Work instruction »
Your task is to copy every line of the records below that contains "aerolibbdyn".

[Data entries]

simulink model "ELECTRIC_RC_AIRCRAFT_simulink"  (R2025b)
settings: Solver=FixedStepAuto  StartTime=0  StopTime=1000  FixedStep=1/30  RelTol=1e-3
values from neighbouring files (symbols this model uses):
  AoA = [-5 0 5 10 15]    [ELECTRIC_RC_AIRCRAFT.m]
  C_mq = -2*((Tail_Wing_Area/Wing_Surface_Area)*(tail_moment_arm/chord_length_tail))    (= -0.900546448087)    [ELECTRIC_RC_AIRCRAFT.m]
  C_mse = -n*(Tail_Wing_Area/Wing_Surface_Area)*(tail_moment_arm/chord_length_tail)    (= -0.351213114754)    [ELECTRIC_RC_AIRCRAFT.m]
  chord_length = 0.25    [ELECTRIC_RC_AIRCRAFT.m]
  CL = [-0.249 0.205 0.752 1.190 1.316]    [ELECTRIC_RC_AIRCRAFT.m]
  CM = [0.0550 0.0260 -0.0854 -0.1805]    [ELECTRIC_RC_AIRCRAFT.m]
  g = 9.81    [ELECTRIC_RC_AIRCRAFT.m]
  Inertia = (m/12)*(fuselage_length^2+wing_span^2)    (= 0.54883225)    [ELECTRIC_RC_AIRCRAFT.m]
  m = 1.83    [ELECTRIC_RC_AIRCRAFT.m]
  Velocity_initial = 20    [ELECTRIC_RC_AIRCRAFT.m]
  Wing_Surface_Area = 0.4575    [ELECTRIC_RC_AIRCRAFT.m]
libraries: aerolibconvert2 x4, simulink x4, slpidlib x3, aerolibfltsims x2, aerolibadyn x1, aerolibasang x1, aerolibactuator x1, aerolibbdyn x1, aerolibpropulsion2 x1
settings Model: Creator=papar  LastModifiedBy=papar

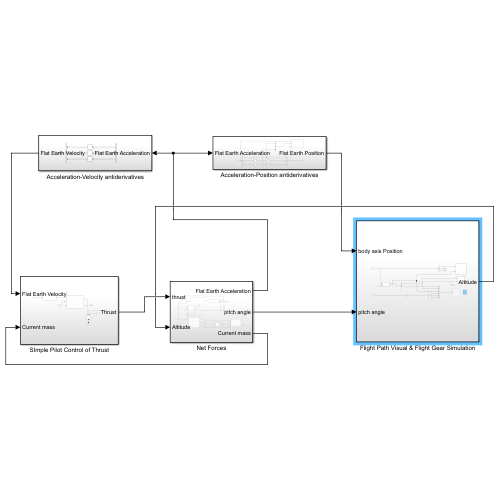
[thumbnail: Simulink's stored preview of the top-level diagram]
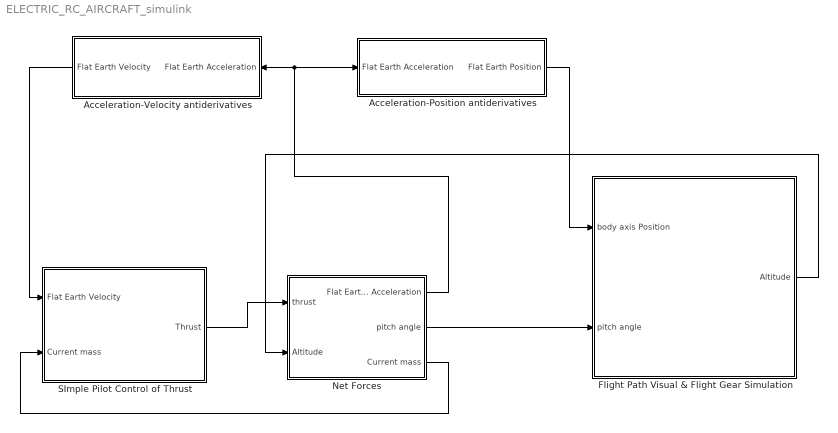
== system ELECTRIC_RC_AIRCRAFT_simulink ==
  Acceleration-Position antiderivatives : Subsystem
  Acceleration-Velocity antiderivatives : Subsystem
  Flight Path Visual & Flight Gear Simulation : Subsystem
  Net Forces : Subsystem
  SImple Pilot Control of Thrust : Subsystem
  wires:
  Acceleration-Velocity antiderivatives/1(Flat Earth Velocity) -> SImple Pilot Control of Thrust/1(Flat Earth Velocity)
  Net Forces/1(Flat Earth Acceleration) -> Acceleration-Velocity antiderivatives/1(Flat Earth Acceleration), Acceleration-Position antiderivatives/1(Flat Earth Acceleration)
  Net Forces/3(Current mass) -> SImple Pilot Control of Thrust/2(Current mass)
  SImple Pilot Control of Thrust/1(Thrust) -> Net Forces/1(thrust)
  Acceleration-Position antiderivatives/1(Flat Earth Position) -> Flight Path Visual & Flight Gear Simulation/1(body axis Position)
  Net Forces/2(pitch angle) -> Flight Path Visual & Flight Gear Simulation/2(pitch angle)
  Flight Path Visual & Flight Gear Simulation/1(Altitude) -> Net Forces/2(Altitude)

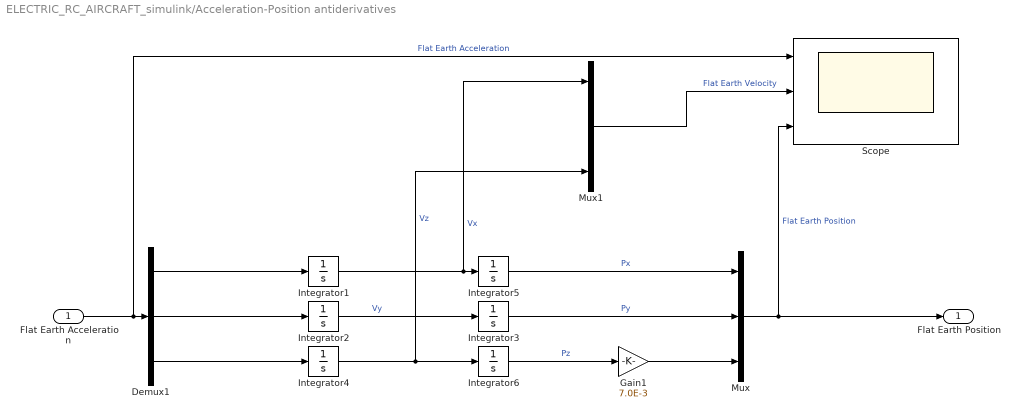
== system ELECTRIC_RC_AIRCRAFT_simulink/Acceleration-Position antiderivatives ==
  Flat Earth Acceleration : Inport
  Demux1 : Demux  Outputs=3
  Gain1 : Gain  Gain=7.0E-3
  Integrator1 : Integrator  InitialCondition=Velocity_initial  UpperSaturationLimit=30  LowerSaturationLimit=-10
  Integrator{2..5} (4 alike) : Integrator
  Integrator6 : Integrator  UpperSaturationLimit=200  LowerSaturationLimit=-100
  Mux : Mux  Inputs=3
  Mux1 : Mux  Inputs=3
  Scope : Scope  NumInputPorts=3
      settings: ActiveDisplayYMinimum=-24.325532445766381  ActiveDisplayYMaximum=34.450960539901729  DataLoggingVariableName=ScopeData2
  Flat Earth Position : Outport
  wires:
  Integrator2/1 -> Integrator3/1  "Vy"
  Flat Earth Acceleration/1 -> Scope/1, Demux1/1  "Flat Earth Acceleration"
  Integrator1/1 -> Mux1/1, Integrator5/1  "Vx"
  Demux1/2 -> Integrator2/1
  Demux1/1 -> Integrator1/1
  Demux1/3 -> Integrator4/1
  Integrator4/1 -> Mux1/3, Integrator6/1  "Vz"
  Mux/1 -> Scope/3, Flat Earth Position/1  "Flat Earth Position"
  Integrator3/1 -> Mux/2  "Py"
  Integrator5/1 -> Mux/1  "Px"
  Integrator6/1 -> Gain1/1  "Pz"
  Gain1/1 -> Mux/3
  Mux1/1 -> Scope/2  "Flat Earth Velocity"

== system ELECTRIC_RC_AIRCRAFT_simulink/Acceleration-Velocity antiderivatives ==
  Flat Earth Acceleration : Inport
  Demux1 : Demux  Outputs=3
  Integrator1 : Integrator
  Integrator2 : Integrator
  Integrator4 : Integrator  InitialCondition=Velocity_initial  UpperSaturationLimit=30  LowerSaturationLimit=-10
  Mux : Mux  Inputs=3
  Flat Earth Velocity : Outport
  wires:
  Mux/1 -> Flat Earth Velocity/1
  Integrator4/1 -> Mux/1  "Vx"
  Demux1/3 -> Integrator1/1
  Demux1/1 -> Integrator4/1
  Demux1/2 -> Integrator2/1
  Integrator1/1 -> Mux/3  "Vz"
  Flat Earth Acceleration/1 -> Demux1/1
  Integrator2/1 -> Mux/2  "Vy"

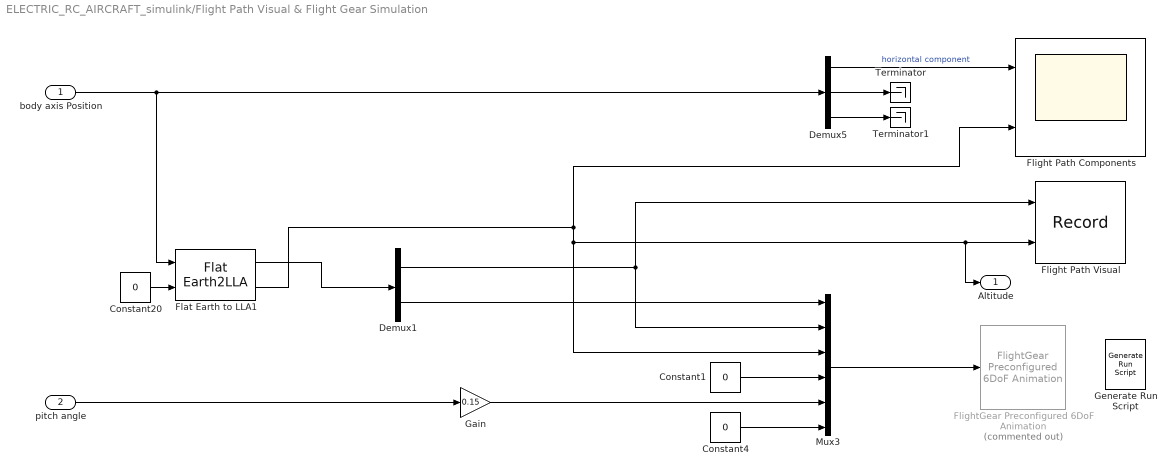
== system ELECTRIC_RC_AIRCRAFT_simulink/Flight Path Visual & Flight Gear Simulation ==
  body axis Position : Inport
  pitch angle : Inport  Port=2
  Constant1 : Constant  Value=0
  Constant20 : Constant  Value=0
  Constant4 : Constant  Value=0
  Demux1 : Demux  Outputs=2
  Demux5 : Demux  Outputs=3
  Flat Earth to LLA1 : FlatEarth2LLA
  Flight Path Components : Scope  NumInputPorts=2
      settings: ActiveDisplayYMinimum=-9.8609130463088863E+6  ActiveDisplayYMaximum=1.5293361483227015E+7
  Flight Path Visual : Record  NumPorts=2.0  FileSettingsInternal="{\"entries\":[{\"content\":{\"excelSettings\":{\"content\":{},\"type\":\"Streamout.ExcelSettings\"},\"parquetSettings\":{\"content\":{},\"type\":\"Streamout.ParquetSettings\"}},\"type\":\"Streamout.FileSettingStorage\",\"uuid\":\"\"}],\"packageUris\":[\"http:\\/\\/schema.mathworks.com\\/mf0\\/streamout_blocks\\/R2020a\"],\"version\":\"1.0\"}"  FrameSettings=[0, 0]  Layout=[1 1]  SignalsInternal="{\"entries\":[{\"content\":{\"signals\":[{\"content\":{\"blockPath\":[],\"dimensions\":[1],\"domain\":\"\",\"lineColor\":\"#a2142f\",\"plots\":[ 1 ],\"port\":1,\"sid\":[\"\"],\"signalID\":1,\"signalName\":\"Demux1:1\"},\"type\":\"RecordBlkView.Signal\",\"uuid\":\"\"},{\"content\":{\"blockPath\":[],\"dimensions\":[1],\"domain\":\"\",\"lineColor\":\"#139fff\",\"plots\":[ 1 ],\"port\":2,\"sid\":[\"\"],\"signalID\":2,\"signalName\":\"Flat Earth to LLA1:2\"},\"type\":\"RecordBlkView.Signal\",\"uuid\":\"\"}]},\"type\":\"RecordBlkView.InputSignals\",\"uuid\":\"\"}],\"packageUris\":[\"http:\\/\\/schema.mathworks.com\\/mf0\\/streamout_blocks\\/R2020a\"],\"version\":\"1.0\"}"  VisualizationBindings="{\"xyplotplugin\":{\"info\":[{\"series\":[{\"bindingParametersList\":[{\"parameter\":\"X-Axis\",\"signalID\":1,\"signalName\":\"Demux1:1\"},{\"parameter\":\"Y-Axis\",\"signalID\":2,\"signalName\":\"Flat Earth to LLA1:2\"}],\"seriesID\":0}],\"subplotID\":1}]}}"  CompatibilityTag=XY
  FlightGear Preconfigured 6DoF Animation : aerolibfltsims/FlightGear Preconfigured 6DoF Animation  Commented=on  xFlightGearVersion=v2019.1  DestinationIpAddress=127.0.0.1  DestinationPort=5502  SampleTime=1/30  packetVersion=24
  Gain : Gain  Gain=0.15
  Generate Run Script : aerolibfltsims/Generate Run Script  Architecture=Win64  dataFlow=Send  GeometryModelName=c172p  AirportId=KSEA  RunwayId=34R  InitialAltitude=0  InitialHeading=0  OffsetDistance=0  OffsetAzimuth=0  InstallScenery=on  DisableShaders=off  OriginAddress=127.0.0.1  DestinationPort=5502  OriginPort=5505  LocalAddress=127.0.0.1  OutputFileName=Final_run.bat  FlightGearBaseDirectory=C:\Program Files\FlightGear 2024.1
  Mux3 : Mux  Inputs=6
  Terminator : Terminator
  Terminator1 : Terminator
  Altitude : Outport
  wires:
  pitch angle/1 -> Gain/1
  Constant1/1 -> Mux3/4
  Flat Earth to LLA1/2 -> Mux3/3, Altitude/1, Flight Path Visual/2, Flight Path Components/2
  Demux5/1 -> Flight Path Components/1  "horizontal component"
  Constant4/1 -> Mux3/6
  Constant20/1 -> Flat Earth to LLA1/2
  Flat Earth to LLA1/1 -> Demux1/1
  Mux3/1 -> FlightGear Preconfigured 6DoF Animation/1
  Demux1/1 -> Flight Path Visual/1, Mux3/2
  body axis Position/1 -> Flat Earth to LLA1/1, Demux5/1
  Demux1/2 -> Mux3/1
  Demux5/3 -> Terminator1/1
  Demux5/2 -> Terminator/1
  Gain/1 -> Mux3/5

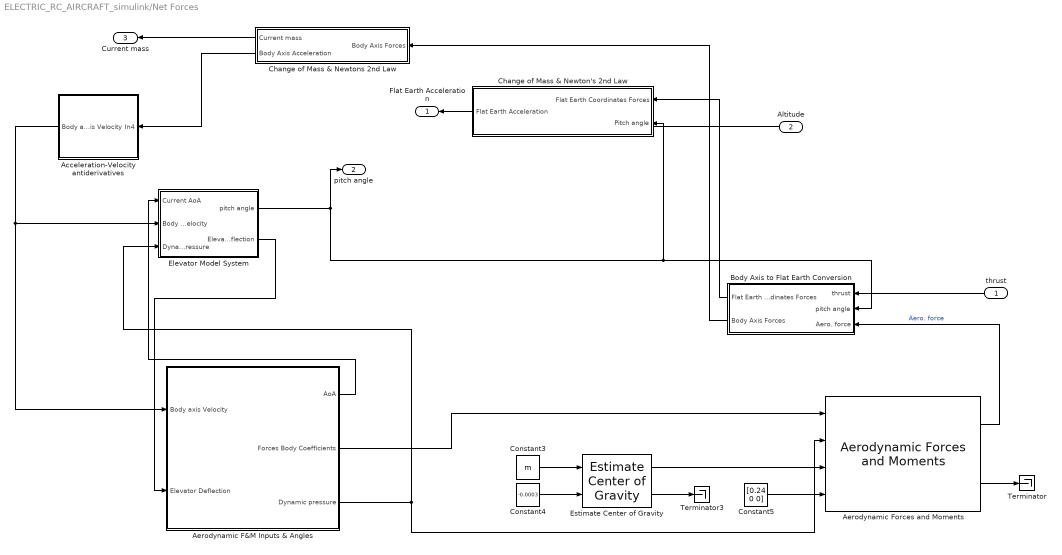
== system ELECTRIC_RC_AIRCRAFT_simulink/Net Forces ==
  thrust : Inport
  Altitude : Inport  Port=2
  Acceleration-Velocity antiderivatives : Subsystem
  "Aerodynamic Forces and Moments " : aerolibadyn/Aerodynamic Forces and Moments   inputAxes=Body  outputForceAxes=Body  outputMomentAxes=Body  S=Wing_Surface_Area  b=1.83  cbar=0.25
  Aerodynamic F&M Inputs & Angles : Subsystem
  Body Axis to Flat Earth Conversion : Subsystem
  Change of Mass & Newton's 2nd Law : Subsystem
  Change of Mass & Newtons 2nd Law : Subsystem
  Constant3 : Constant  Value=m
  Constant4 : Constant  Value=-0.0003
  Constant5 : Constant  Value=[0.24 0 0]
  Elevator Model System : Subsystem
  Estimate Center of Gravity : aerolibbdyn/Estimate Center of Gravity  fmass=m  emass=1.63  fcg=[0.24 0 0]'  ecg=[0.23 0 0]'
  Terminator : Terminator
  Terminator3 : Terminator
  Flat Earth Acceleration : Outport
  pitch angle : Outport  Port=2
  Current mass : Outport  Port=3
  wires:
  Constant5/1 -> "Aerodynamic Forces and Moments "/4
  Estimate Center of Gravity/1 -> "Aerodynamic Forces and Moments "/3
  Acceleration-Velocity antiderivatives/1(Body axis Velocity) -> Aerodynamic F&M Inputs & Angles/1(Body axis Velocity), Elevator Model System/2(Body axis Velocity)
  Constant3/1 -> Estimate Center of Gravity/1
  Constant4/1 -> Estimate Center of Gravity/2
  "Aerodynamic Forces and Moments "/2 -> Terminator/1
  Estimate Center of Gravity/2 -> Terminator3/1
  Aerodynamic F&M Inputs & Angles/3(Dynamic pressure) -> "Aerodynamic Forces and Moments "/2, Elevator Model System/3(Dynamic pressure)
  Aerodynamic F&M Inputs & Angles/2(Forces Body Coefficients) -> "Aerodynamic Forces and Moments "/1
  Aerodynamic F&M Inputs & Angles/1(AoA) -> Elevator Model System/1(Current AoA)
  Change of Mass & Newtons 2nd Law/1(Current mass) -> Current mass/1
  Change of Mass & Newtons 2nd Law/2(Body Axis Acceleration) -> Acceleration-Velocity antiderivatives/1(In4)
  Change of Mass & Newton's 2nd Law/1(Flat Earth Acceleration) -> Flat Earth Acceleration/1
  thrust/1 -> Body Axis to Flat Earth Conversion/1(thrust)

Finished exercise »
libraries: aerolibconvert2 x4, simulink x4, slpidlib x3, aerolibfltsims x2, aerolibadyn x1, aerolibasang x1, aerolibactuator x1, aerolibbdyn x1, aerolibpropulsion2 x1
  Estimate Center of Gravity : aerolibbdyn/Estimate Center of Gravity  fmass=m  emass=1.63  fcg=[0.24 0 0]'  ecg=[0.23 0 0]'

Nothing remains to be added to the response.